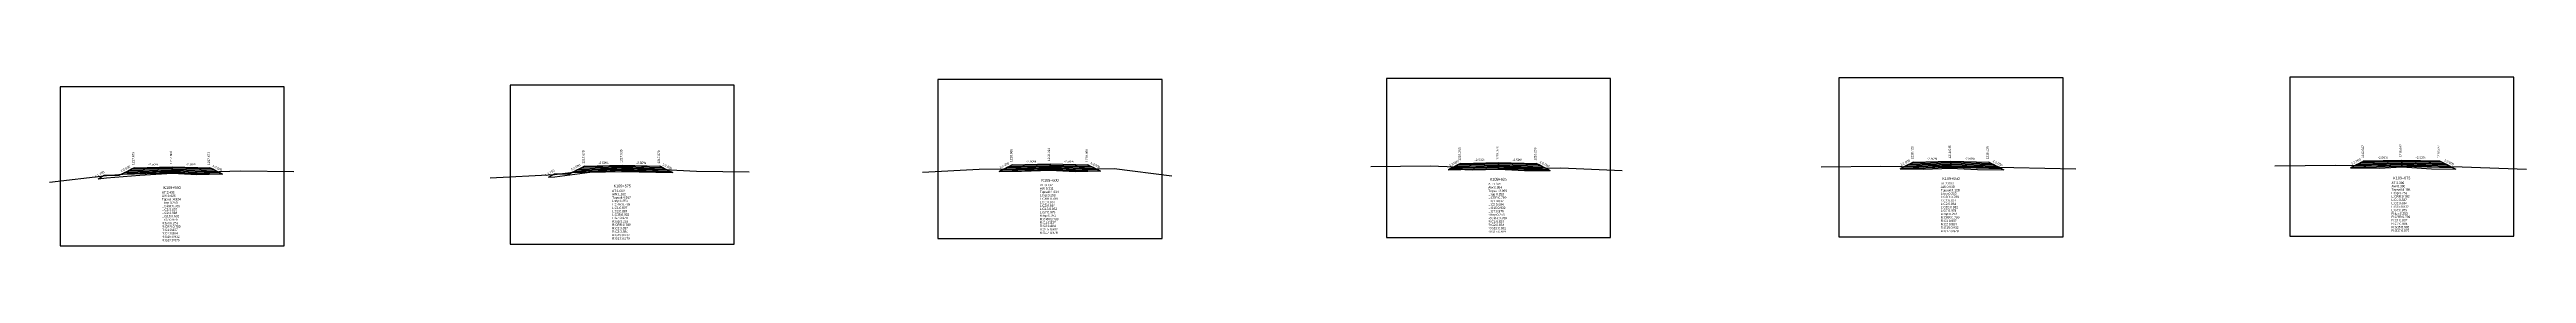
# Model space of a CAD drawing. Extents: x -7 to 78429, y 1189 to 1262.
# Drawn here: x 56672.3 to 57000.5, y 1207.4 to 1229.6 of the extents above; entities that cross this region are included whole.
import ezdxf
from ezdxf.enums import TextEntityAlignment as Align

# ---------------------------------------------------------------- set-up
doc = ezdxf.new("R2010")
doc.units = 0

msp = doc.modelspace()

# ---------------------------------------------------------------- linework, layer by layer
at = {"layer": 'A4_BORDER', "color": 7}
for points in [[(56673.682, 1207.364), (56703.382, 1207.364), (56703.382, 1228.364), (56673.682, 1228.364), (56673.682, 1207.364)], [(56733.334, 1207.587), (56763.034, 1207.587), (56763.034, 1228.587), (56733.334, 1228.587), (56733.334, 1207.587)], [(56790.026, 1208.341), (56819.726, 1208.341), (56819.726, 1229.341), (56790.026, 1229.341), (56790.026, 1208.341)], [(56849.45, 1208.478), (56879.15, 1208.478), (56879.15, 1229.478), (56849.45, 1229.478), (56849.45, 1208.478)], [(56909.417, 1208.565), (56939.117, 1208.565), (56939.117, 1229.565), (56909.417, 1229.565), (56909.417, 1208.565)], [(56969.153, 1208.633), (56998.853, 1208.633), (56998.853, 1229.633), (56969.153, 1229.633), (56969.153, 1208.633)]]:
    msp.add_lwpolyline(points, dxfattribs=at)
at = {"layer": 'CLEAR_GROUND', "color": 8}
for points in [[(56977.225, 1217.678), (56981.084, 1217.639), (56984.025, 1217.792), (56987.951, 1217.526), (56991.17, 1217.483)], [(56678.725, 1216.214), (56679.854, 1216.347), (56684.248, 1216.705), (56688.556, 1216.943), (56691.815, 1216.769), (56695.104, 1216.889)], [(56738.425, 1216.437), (56739.229, 1216.479), (56744.57, 1217.159), (56748.179, 1217.362), (56751.952, 1217.21), (56754.76, 1217.082)], [(56798.125, 1217.191), (56801.098, 1217.219), (56804.876, 1217.363), (56808.239, 1217.197), (56811.499, 1217.254)], [(56857.825, 1217.516), (56860.842, 1217.411), (56864.332, 1217.472), (56867.735, 1217.29), (56871.149, 1217.328)], [(56917.525, 1217.549), (56920.646, 1217.504), (56924.247, 1217.631), (56927.786, 1217.428), (56931.278, 1217.415)]]:
    msp.add_lwpolyline(points, dxfattribs=at)
at = {"layer": 'DESIGN_ROAD_TRIMMED', "color": 1}
for points in [[(56678.725, 1216.214), (56679.532, 1216.675), (56681.532, 1216.675), (56683.532, 1217.675), (56683.532, 1217.675), (56683.427, 1217.622), (56683.427, 1217.622), (56683.111, 1217.464), (56683.111, 1217.464), (56682.795, 1217.307), (56682.795, 1217.307), (56682.479, 1217.149), (56682.479, 1217.149), (56682.163, 1216.991), (56682.163, 1216.991), (56681.848, 1216.833), (56688.532, 1217), (56688.532, 1217.15), (56688.532, 1217.15), (56688.532, 1217.3), (56688.532, 1217.3), (56688.532, 1217.45), (56688.532, 1217.45), (56688.532, 1217.6), (56688.532, 1217.6), (56688.532, 1217.75), (56688.532, 1217.75), (56688.532, 1217.8), (56688.532, 1217.8), (56688.532, 1217.8), (56688.532, 1217.8), (56688.532, 1217.8), (56688.532, 1217.75), (56688.532, 1217.75), (56688.532, 1217.6), (56688.532, 1217.6), (56688.532, 1217.45), (56688.532, 1217.45), (56688.532, 1217.3), (56688.532, 1217.3), (56688.532, 1217.15), (56688.532, 1217.15), (56688.532, 1217), (56695.216, 1216.833), (56694.9, 1216.991), (56694.9, 1216.991), (56694.584, 1217.149), (56694.584, 1217.149), (56694.269, 1217.307), (56694.269, 1217.307), (56693.953, 1217.464), (56693.953, 1217.464), (56693.637, 1217.622), (56693.637, 1217.622), (56693.532, 1217.675), (56693.532, 1217.675), (56695.104, 1216.889)], [(56738.425, 1216.437), (56739.184, 1216.87), (56741.184, 1216.87), (56743.184, 1217.87), (56743.184, 1217.87), (56743.078, 1217.817), (56743.078, 1217.817), (56742.763, 1217.659), (56742.763, 1217.659), (56742.447, 1217.502), (56742.447, 1217.502), (56742.131, 1217.344), (56742.131, 1217.344), (56741.815, 1217.186), (56741.815, 1217.186), (56741.499, 1217.028), (56748.184, 1217.195), (56748.184, 1217.345), (56748.184, 1217.345), (56748.184, 1217.495), (56748.184, 1217.495), (56748.184, 1217.645), (56748.184, 1217.645), (56748.184, 1217.795), (56748.184, 1217.795), (56748.184, 1217.945), (56748.184, 1217.945), (56748.184, 1217.995), (56748.184, 1217.995), (56748.184, 1217.995), (56748.184, 1217.995), (56748.184, 1217.995), (56748.184, 1217.945), (56748.184, 1217.945), (56748.184, 1217.795), (56748.184, 1217.795), (56748.184, 1217.645), (56748.184, 1217.645), (56748.184, 1217.495), (56748.184, 1217.495), (56748.184, 1217.345), (56748.184, 1217.345), (56748.184, 1217.195), (56754.868, 1217.028), (56754.552, 1217.186), (56754.552, 1217.186), (56754.236, 1217.344), (56754.236, 1217.344), (56753.92, 1217.502), (56753.92, 1217.502), (56753.605, 1217.659), (56753.605, 1217.659), (56753.289, 1217.817), (56753.289, 1217.817), (56753.184, 1217.87), (56753.184, 1217.87), (56754.76, 1217.082)], [(56798.125, 1217.191), (56799.876, 1218.066), (56799.876, 1218.066), (56799.771, 1218.013), (56799.771, 1218.013), (56799.455, 1217.855), (56799.455, 1217.855), (56799.139, 1217.698), (56799.139, 1217.698), (56798.823, 1217.54), (56798.823, 1217.54), (56798.507, 1217.382), (56798.507, 1217.382), (56798.192, 1217.224), (56804.876, 1217.391), (56804.876, 1217.541), (56804.876, 1217.541), (56804.876, 1217.691), (56804.876, 1217.691), (56804.876, 1217.841), (56804.876, 1217.841), (56804.876, 1217.991), (56804.876, 1217.991), (56804.876, 1218.141), (56804.876, 1218.141), (56804.876, 1218.191), (56804.876, 1218.191), (56804.876, 1218.191), (56804.876, 1218.191), (56804.876, 1218.191), (56804.876, 1218.141), (56804.876, 1218.141), (56804.876, 1217.991), (56804.876, 1217.991), (56804.876, 1217.841), (56804.876, 1217.841), (56804.876, 1217.691), (56804.876, 1217.691), (56804.876, 1217.541), (56804.876, 1217.541), (56804.876, 1217.391), (56811.56, 1217.224), (56811.244, 1217.382), (56811.244, 1217.382), (56810.928, 1217.54), (56810.928, 1217.54), (56810.613, 1217.698), (56810.613, 1217.698), (56810.297, 1217.855), (56810.297, 1217.855), (56809.981, 1218.013), (56809.981, 1218.013), (56809.876, 1218.066), (56809.876, 1218.066), (56811.499, 1217.254)], [(56857.825, 1217.516), (56859.3, 1218.253), (56859.3, 1218.253), (56859.194, 1218.2), (56859.194, 1218.2), (56858.879, 1218.042), (56858.879, 1218.042), (56858.563, 1217.885), (56858.563, 1217.885), (56858.247, 1217.727), (56858.247, 1217.727), (56857.931, 1217.569), (56857.931, 1217.569), (56857.616, 1217.411), (56864.3, 1217.578), (56864.3, 1217.728), (56864.3, 1217.728), (56864.3, 1217.878), (56864.3, 1217.878), (56864.3, 1218.028), (56864.3, 1218.028), (56864.3, 1218.178), (56864.3, 1218.178), (56864.3, 1218.328), (56864.3, 1218.328), (56864.3, 1218.378), (56864.3, 1218.378), (56864.3, 1218.378), (56864.3, 1218.378), (56864.3, 1218.378), (56864.3, 1218.328), (56864.3, 1218.328), (56864.3, 1218.178), (56864.3, 1218.178), (56864.3, 1218.028), (56864.3, 1218.028), (56864.3, 1217.878), (56864.3, 1217.878), (56864.3, 1217.728), (56864.3, 1217.728), (56864.3, 1217.578), (56870.984, 1217.411), (56870.668, 1217.569), (56870.668, 1217.569), (56870.352, 1217.727), (56870.352, 1217.727), (56870.037, 1217.885), (56870.037, 1217.885), (56869.721, 1218.042), (56869.721, 1218.042), (56869.405, 1218.2), (56869.405, 1218.2), (56869.3, 1218.253), (56869.3, 1218.253), (56871.149, 1217.328)], [(56917.525, 1217.549), (56919.267, 1218.42), (56919.267, 1218.42), (56919.161, 1218.367), (56919.161, 1218.367), (56918.846, 1218.209), (56918.846, 1218.209), (56918.53, 1218.052), (56918.53, 1218.052), (56918.214, 1217.894), (56918.214, 1217.894), (56917.898, 1217.736), (56917.898, 1217.736), (56917.582, 1217.578), (56924.267, 1217.745), (56924.267, 1217.895), (56924.267, 1217.895), (56924.267, 1218.045), (56924.267, 1218.045), (56924.267, 1218.195), (56924.267, 1218.195), (56924.267, 1218.345), (56924.267, 1218.345), (56924.267, 1218.495), (56924.267, 1218.495), (56924.267, 1218.545), (56924.267, 1218.545), (56924.267, 1218.545), (56924.267, 1218.545), (56924.267, 1218.545), (56924.267, 1218.495), (56924.267, 1218.495), (56924.267, 1218.345), (56924.267, 1218.345), (56924.267, 1218.195), (56924.267, 1218.195), (56924.267, 1218.045), (56924.267, 1218.045), (56924.267, 1217.895), (56924.267, 1217.895), (56924.267, 1217.745), (56930.951, 1217.578), (56930.635, 1217.736), (56930.635, 1217.736), (56930.319, 1217.894), (56930.319, 1217.894), (56930.003, 1218.052), (56930.003, 1218.052), (56929.688, 1218.209), (56929.688, 1218.209), (56929.372, 1218.367), (56929.372, 1218.367), (56929.267, 1218.42), (56929.267, 1218.42), (56931.278, 1217.415)], [(56977.225, 1217.678), (56979.003, 1218.567), (56979.003, 1218.567), (56978.898, 1218.514), (56978.898, 1218.514), (56978.582, 1218.356), (56978.582, 1218.356), (56978.266, 1218.199), (56978.266, 1218.199), (56977.95, 1218.041), (56977.95, 1218.041), (56977.635, 1217.883), (56977.635, 1217.883), (56977.319, 1217.725), (56984.003, 1217.892), (56984.003, 1218.042), (56984.003, 1218.042), (56984.003, 1218.192), (56984.003, 1218.192), (56984.003, 1218.342), (56984.003, 1218.342), (56984.003, 1218.492), (56984.003, 1218.492), (56984.003, 1218.642), (56984.003, 1218.642), (56984.003, 1218.692), (56984.003, 1218.692), (56984.003, 1218.692), (56984.003, 1218.692), (56984.003, 1218.692), (56984.003, 1218.642), (56984.003, 1218.642), (56984.003, 1218.492), (56984.003, 1218.492), (56984.003, 1218.342), (56984.003, 1218.342), (56984.003, 1218.192), (56984.003, 1218.192), (56984.003, 1218.042), (56984.003, 1218.042), (56984.003, 1217.892), (56990.687, 1217.725), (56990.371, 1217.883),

REQUIRED ACTION —
Wherever the string "ezdxf" occurs in the records above, copy that line.

RESPONSE —
import ezdxf
from ezdxf.enums import TextEntityAlignment as Align
doc = ezdxf.new("R2010")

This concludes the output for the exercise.